Exercise brief:
What is needed is the full listing written out exactly, minus the pictures.

Source information:
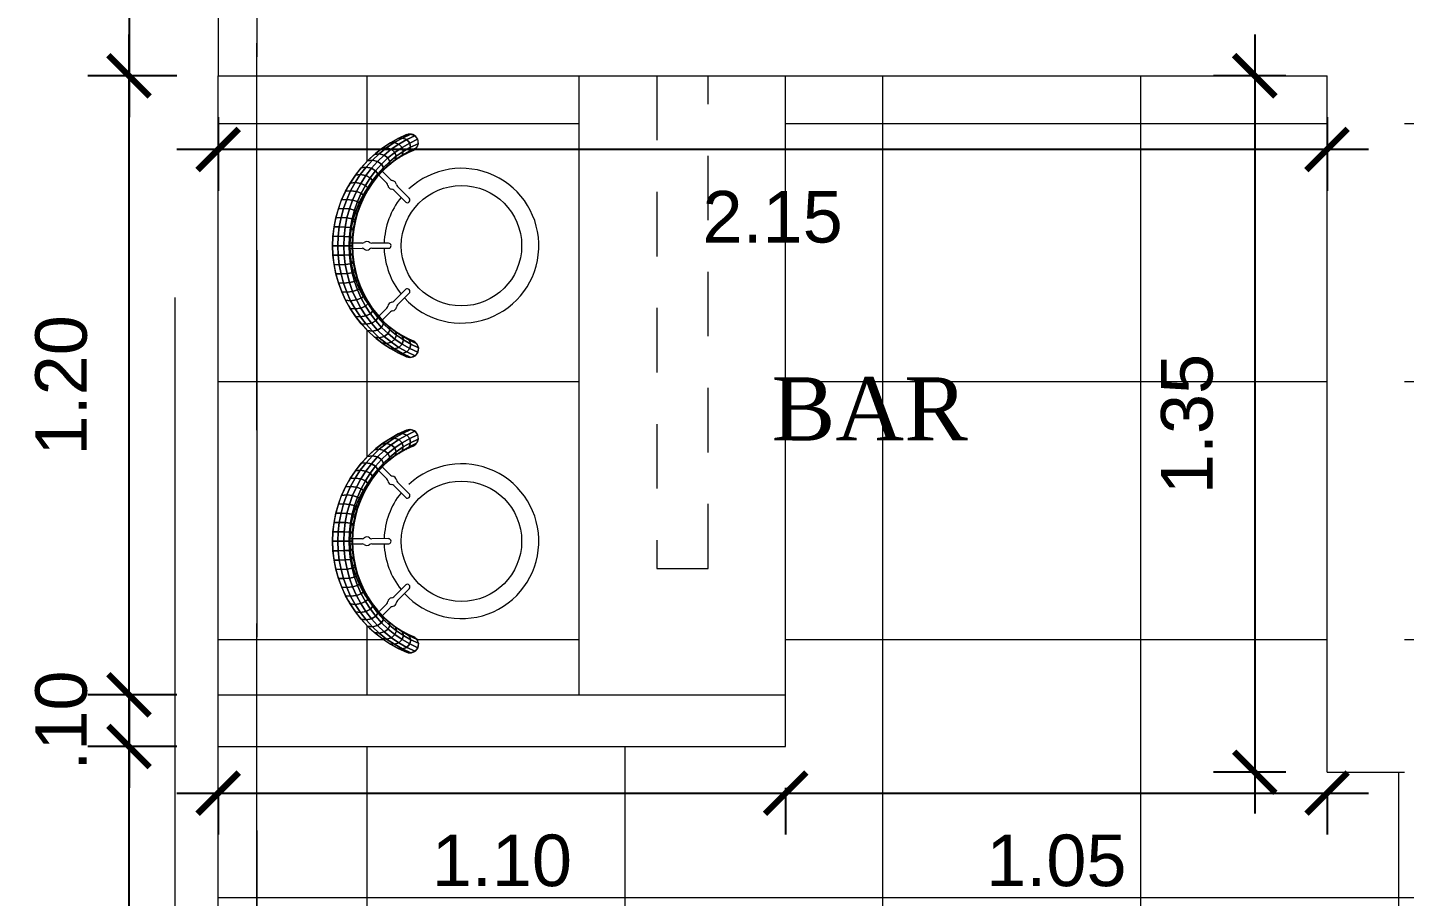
# Model space of a CAD drawing. Header units: millimetres. Extents: x -59 to 123, y 54 to 155.
# Drawn here: x -51.125 to -48.456, y 139.392 to 141.076 of the extents above; entities that cross this region are included whole.
import ezdxf

# ---------------------------------------------------------------- set-up
doc = ezdxf.new("R2010")
doc.units = ezdxf.units.MM
for name, pattern in [('ACAD_ISO02W100', [15, 12, -3]), ('CONTINUA', [0]), ('DASHDOT', [25.4, 12.7, -6.35, 0, -6.35]), ('DASHED', [0.75, 0.5, -0.25]), ('HIDDEN2', [0.1875, 0.125, -0.0625])]:
    doc.linetypes.add(name, pattern=pattern)
doc.layers.get('0').update_dxf_attribs({"lineweight": 9})
doc.layers.get('Defpoints').update_dxf_attribs({"lineweight": 0})
for name, color, linetype in [('A-COT', 8, 'Continuous'), ('A-PROY', 8, 'HIDDEN2'), ('A-TEX 010', 7, 'Continuous')]:
    doc.layers.add(name, color=color, linetype=linetype)
for name, color, linetype, lineweight in [('DET-CORTE', 86, 'Continuous', 50), ('EJES', 6, 'ACAD_ISO02W100', 5), ('mobiliario', 7, 'Continuous', 0), ('muro', 5, 'Continuous', 70), ('MUROS', 7, 'Continuous', 80), ('pisos', 251, 'Continuous', 0)]:
    doc.layers.add(name, color=color, linetype=linetype, lineweight=lineweight)
doc.styles.add('ROMANS', font='ROMANS.SHX', dxfattribs={"width": 1.35, "height": 0.29})
doc.styles.add('style1', font='arial.ttf', dxfattribs={"height": 0.1})
doc.dimstyles.new('luis1', dxfattribs={"dimtxt": 0.1, "dimasz": 0.08, "dimexe": 0.08, "dimexo": 0.08, "dimgap": 0.08, "dimtad": 2, "dimzin": 4, "dimdsep": 46, "dimtxsty": 'style1', "dimblk": 'ARCHTICK', "dimcen": 2, "dimdle": 0.08, "dimclrd": 256, "dimclre": 256, "dimclrt": 256, "dimadec": 0, "dimazin": 1, "dimtfac": 1, "dimtix": 1, "dimtmove": 0, "dimatfit": 3, "dimfxl": 1, "dimtolj": 1, "dimarcsym": 0})

# ---------------------------------------------------------------- blocks, each defined once
blk = doc.blocks.new('A$C64153278')
at = {"layer": 'mobiliario'}
for p, q in [((0.4738, 0.2448), (0.429, 0.2653)), ((0.436, 0.2786), (0.48, 0.2584)), ((0.5057, 0.2467), (0.5383, 0.2317)), ((0.5321, 0.2181), (0.4995, 0.233)), ((0.1773, 0.1826), (0.1571, 0.1386)), ((0.1707, 0.1324), (0.1913, 0.1771)), ((0.3206, 0.1715), (0.3375, 0.1261)), ((0.3515, 0.1313), (0.3344, 0.1775)), ((0.1453, 0.1129), (0.1303, 0.0803)), ((0.1439, 0.0741), (0.1589, 0.1067)), ((0.3473, 0.0995), (0.3598, 0.0659)), ((0.3738, 0.0711), (0.3614, 0.1047))]:
    blk.add_line(p, q, dxfattribs=at)
blk.add_circle((0.2538, 0.3732), 0.175, dxfattribs=at)
for centre, radius, start, end in [((0.2538, 0.3732), 0.225, 332.7943, 243.1381), ((0.5872, 0.3365), 0.025, 357.6519, 177.6519), ((0.2624, 0.3498), 0.35, 223.0584, 357.6519), ((0.2624, 0.3498), 0.3, 223.0584, 357.6519), ((0.2538, 0.3732), 0.225, 292.2513, 328.962), ((0.4329, 0.2717), 0.00753, 65.6032, 238.7477), ((0.4696, 0.2357), 0.01, 26.458, 65.4005), ((0.4842, 0.2675), 0.01, 245.4005, 284.3429), ((0.4898, 0.2457), 0.0125, 26.458, 104.3429), ((0.5099, 0.2557), 0.01, 206.458, 245.4005), ((0.4898, 0.2457), 0.0125, 206.458, 284.3429), ((0.4953, 0.2239), 0.01, 65.4005, 104.3429), ((0.1842, 0.1795), 0.00753, 341.9626, 155.107), ((0.3277, 0.1741), 0.00753, 27.0079, 200.1524), ((0.025, 0.1279), 0.025, 43.0584, 223.0584), ((0.158, 0.1226), 0.0125, 116.3674, 194.2523), ((0.148, 0.1428), 0.01, 296.3674, 335.3098), ((0.158, 0.1226), 0.0125, 296.3674, 14.2523), ((0.1798, 0.1282), 0.01, 155.3098, 194.2523), ((0.2538, 0.3732), 0.225, 251.7283, 288.4308), ((0.3281, 0.1226), 0.01, 341.4127, 20.3551), ((0.3609, 0.1347), 0.01, 200.3551, 239.2976), ((0.3494, 0.1154), 0.0125, 341.4127, 59.2976), ((0.1362, 0.1171), 0.01, 335.3098, 14.2523), ((0.168, 0.1025), 0.01, 116.3674, 155.3098), ((0.3494, 0.1154), 0.0125, 161.4127, 239.2976), ((0.3379, 0.0961), 0.01, 20.3551, 59.2976), ((0.3707, 0.1082), 0.01, 161.4127, 200.3551)]:
    blk.add_arc(centre, radius, start, end, dxfattribs=at)
for points in [[(0.5756, 0.3586), (0.5882, 0.3615), (0.5861, 0.3361), (0.5736, 0.3342)], [(0.5882, 0.3615), (0.6006, 0.3576), (0.5984, 0.3313), (0.5861, 0.3361)], [(0.5603, 0.3141), (0.5641, 0.3261), (0.5603, 0.3026), (0.5566, 0.2909)], [(0.5622, 0.3375), (0.5661, 0.3498), (0.5641, 0.3261), (0.5603, 0.3141)], [(0.5641, 0.3261), (0.5736, 0.3342), (0.5696, 0.3099), (0.5603, 0.3026)], [(0.5661, 0.3498), (0.5756, 0.3586), (0.5736, 0.3342), (0.5641, 0.3261)], [(0.5736, 0.3342), (0.5861, 0.3361), (0.5819, 0.3109), (0.5696, 0.3099)], [(0.5861, 0.3361), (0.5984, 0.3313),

Completed task:
# Model space of a CAD drawing. Header units: millimetres. Extents: x -59 to 123, y 54 to 155.
# Drawn here: x -51.125 to -48.456, y 139.392 to 141.076 of the extents above; entities that cross this region are included whole.
import ezdxf

# ---------------------------------------------------------------- set-up
doc = ezdxf.new("R2010")
doc.units = ezdxf.units.MM
for name, pattern in [('ACAD_ISO02W100', [15, 12, -3]), ('CONTINUA', [0]), ('DASHDOT', [25.4, 12.7, -6.35, 0, -6.35]), ('DASHED', [0.75, 0.5, -0.25]), ('HIDDEN2', [0.1875, 0.125, -0.0625])]:
    doc.linetypes.add(name, pattern=pattern)
doc.layers.get('0').update_dxf_attribs({"lineweight": 9})
doc.layers.get('Defpoints').update_dxf_attribs({"lineweight": 0})
for name, color, linetype in [('A-COT', 8, 'Continuous'), ('A-PROY', 8, 'HIDDEN2'), ('A-TEX 010', 7, 'Continuous')]:
    doc.layers.add(name, color=color, linetype=linetype)
for name, color, linetype, lineweight in [('DET-CORTE', 86, 'Continuous', 50), ('EJES', 6, 'ACAD_ISO02W100', 5), ('mobiliario', 7, 'Continuous', 0), ('muro', 5, 'Continuous', 70), ('MUROS', 7, 'Continuous', 80), ('pisos', 251, 'Continuous', 0)]:
    doc.layers.add(name, color=color, linetype=linetype, lineweight=lineweight)
doc.styles.add('ROMANS', font='ROMANS.SHX', dxfattribs={"width": 1.35, "height": 0.29})
doc.styles.add('style1', font='arial.ttf', dxfattribs={"height": 0.1})
doc.dimstyles.new('luis1', dxfattribs={"dimtxt": 0.1, "dimasz": 0.08, "dimexe": 0.08, "dimexo": 0.08, "dimgap": 0.08, "dimtad": 2, "dimzin": 4, "dimdsep": 46, "dimtxsty": 'style1', "dimblk": 'ARCHTICK', "dimcen": 2, "dimdle": 0.08, "dimclrd": 256, "dimclre": 256, "dimclrt": 256, "dimadec": 0, "dimazin": 1, "dimtfac": 1, "dimtix": 1, "dimtmove": 0, "dimatfit": 3, "dimfxl": 1, "dimtolj": 1, "dimarcsym": 0})

# ---------------------------------------------------------------- blocks, each defined once
blk = doc.blocks.new('A$C64153278')
at = {"layer": 'mobiliario'}
for p, q in [((0.4738, 0.2448), (0.429, 0.2653)), ((0.436, 0.2786), (0.48, 0.2584)), ((0.5057, 0.2467), (0.5383, 0.2317)), ((0.5321, 0.2181), (0.4995, 0.233)), ((0.1773, 0.1826), (0.1571, 0.1386)), ((0.1707, 0.1324), (0.1913, 0.1771)), ((0.3206, 0.1715), (0.3375, 0.1261)), ((0.3515, 0.1313), (0.3344, 0.1775)), ((0.1453, 0.1129), (0.1303, 0.0803)), ((0.1439, 0.0741), (0.1589, 0.1067)), ((0.3473, 0.0995), (0.3598, 0.0659)), ((0.3738, 0.0711), (0.3614, 0.1047))]:
    blk.add_line(p, q, dxfattribs=at)
blk.add_circle((0.2538, 0.3732), 0.175, dxfattribs=at)
for centre, radius, start, end in [((0.2538, 0.3732), 0.225, 332.7943, 243.1381), ((0.5872, 0.3365), 0.025, 357.6519, 177.6519), ((0.2624, 0.3498), 0.35, 223.0584, 357.6519), ((0.2624, 0.3498), 0.3, 223.0584, 357.6519), ((0.2538, 0.3732), 0.225, 292.2513, 328.962), ((0.4329, 0.2717), 0.00753, 65.6032, 238.7477), ((0.4696, 0.2357), 0.01, 26.458, 65.4005), ((0.4842, 0.2675), 0.01, 245.4005, 284.3429), ((0.4898, 0.2457), 0.0125, 26.458, 104.3429), ((0.5099, 0.2557), 0.01, 206.458, 245.4005), ((0.4898, 0.2457), 0.0125, 206.458, 284.3429), ((0.4953, 0.2239), 0.01, 65.4005, 104.3429), ((0.1842, 0.1795), 0.00753, 341.9626, 155.107), ((0.3277, 0.1741), 0.00753, 27.0079, 200.1524), ((0.025, 0.1279), 0.025, 43.0584, 223.0584), ((0.158, 0.1226), 0.0125, 116.3674, 194.2523), ((0.148, 0.1428), 0.01, 296.3674, 335.3098), ((0.158, 0.1226), 0.0125, 296.3674, 14.2523), ((0.1798, 0.1282), 0.01, 155.3098, 194.2523), ((0.2538, 0.3732), 0.225, 251.7283, 288.4308), ((0.3281, 0.1226), 0.01, 341.4127, 20.3551), ((0.3609, 0.1347), 0.01, 200.3551, 239.2976), ((0.3494, 0.1154), 0.0125, 341.4127, 59.2976), ((0.1362, 0.1171), 0.01, 335.3098, 14.2523), ((0.168, 0.1025), 0.01, 116.3674, 155.3098), ((0.3494, 0.1154), 0.0125, 161.4127, 239.2976), ((0.3379, 0.0961), 0.01, 20.3551, 59.2976), ((0.3707, 0.1082), 0.01, 161.4127, 200.3551)]:
    blk.add_arc(centre, radius, start, end, dxfattribs=at)
for points in [[(0.5756, 0.3586), (0.5882, 0.3615), (0.5861, 0.3361), (0.5736, 0.3342)], [(0.5882, 0.3615), (0.6006, 0.3576), (0.5984, 0.3313), (0.5861, 0.3361)], [(0.5603, 0.3141), (0.5641, 0.3261), (0.5603, 0.3026), (0.5566, 0.2909)], [(0.5622, 0.3375), (0.5661, 0.3498), (0.5641, 0.3261), (0.5603, 0.3141)], [(0.5641, 0.3261), (0.5736, 0.3342), (0.5696, 0.3099), (0.5603, 0.3026)], [(0.5661, 0.3498), (0.5756, 0.3586), (0.5736, 0.3342), (0.5641, 0.3261)], [(0.5736, 0.3342), (0.5861, 0.3361), (0.5819, 0.3109), (0.5696, 0.3099)], [(0.5861, 0.3361), (0.5984, 0.3313),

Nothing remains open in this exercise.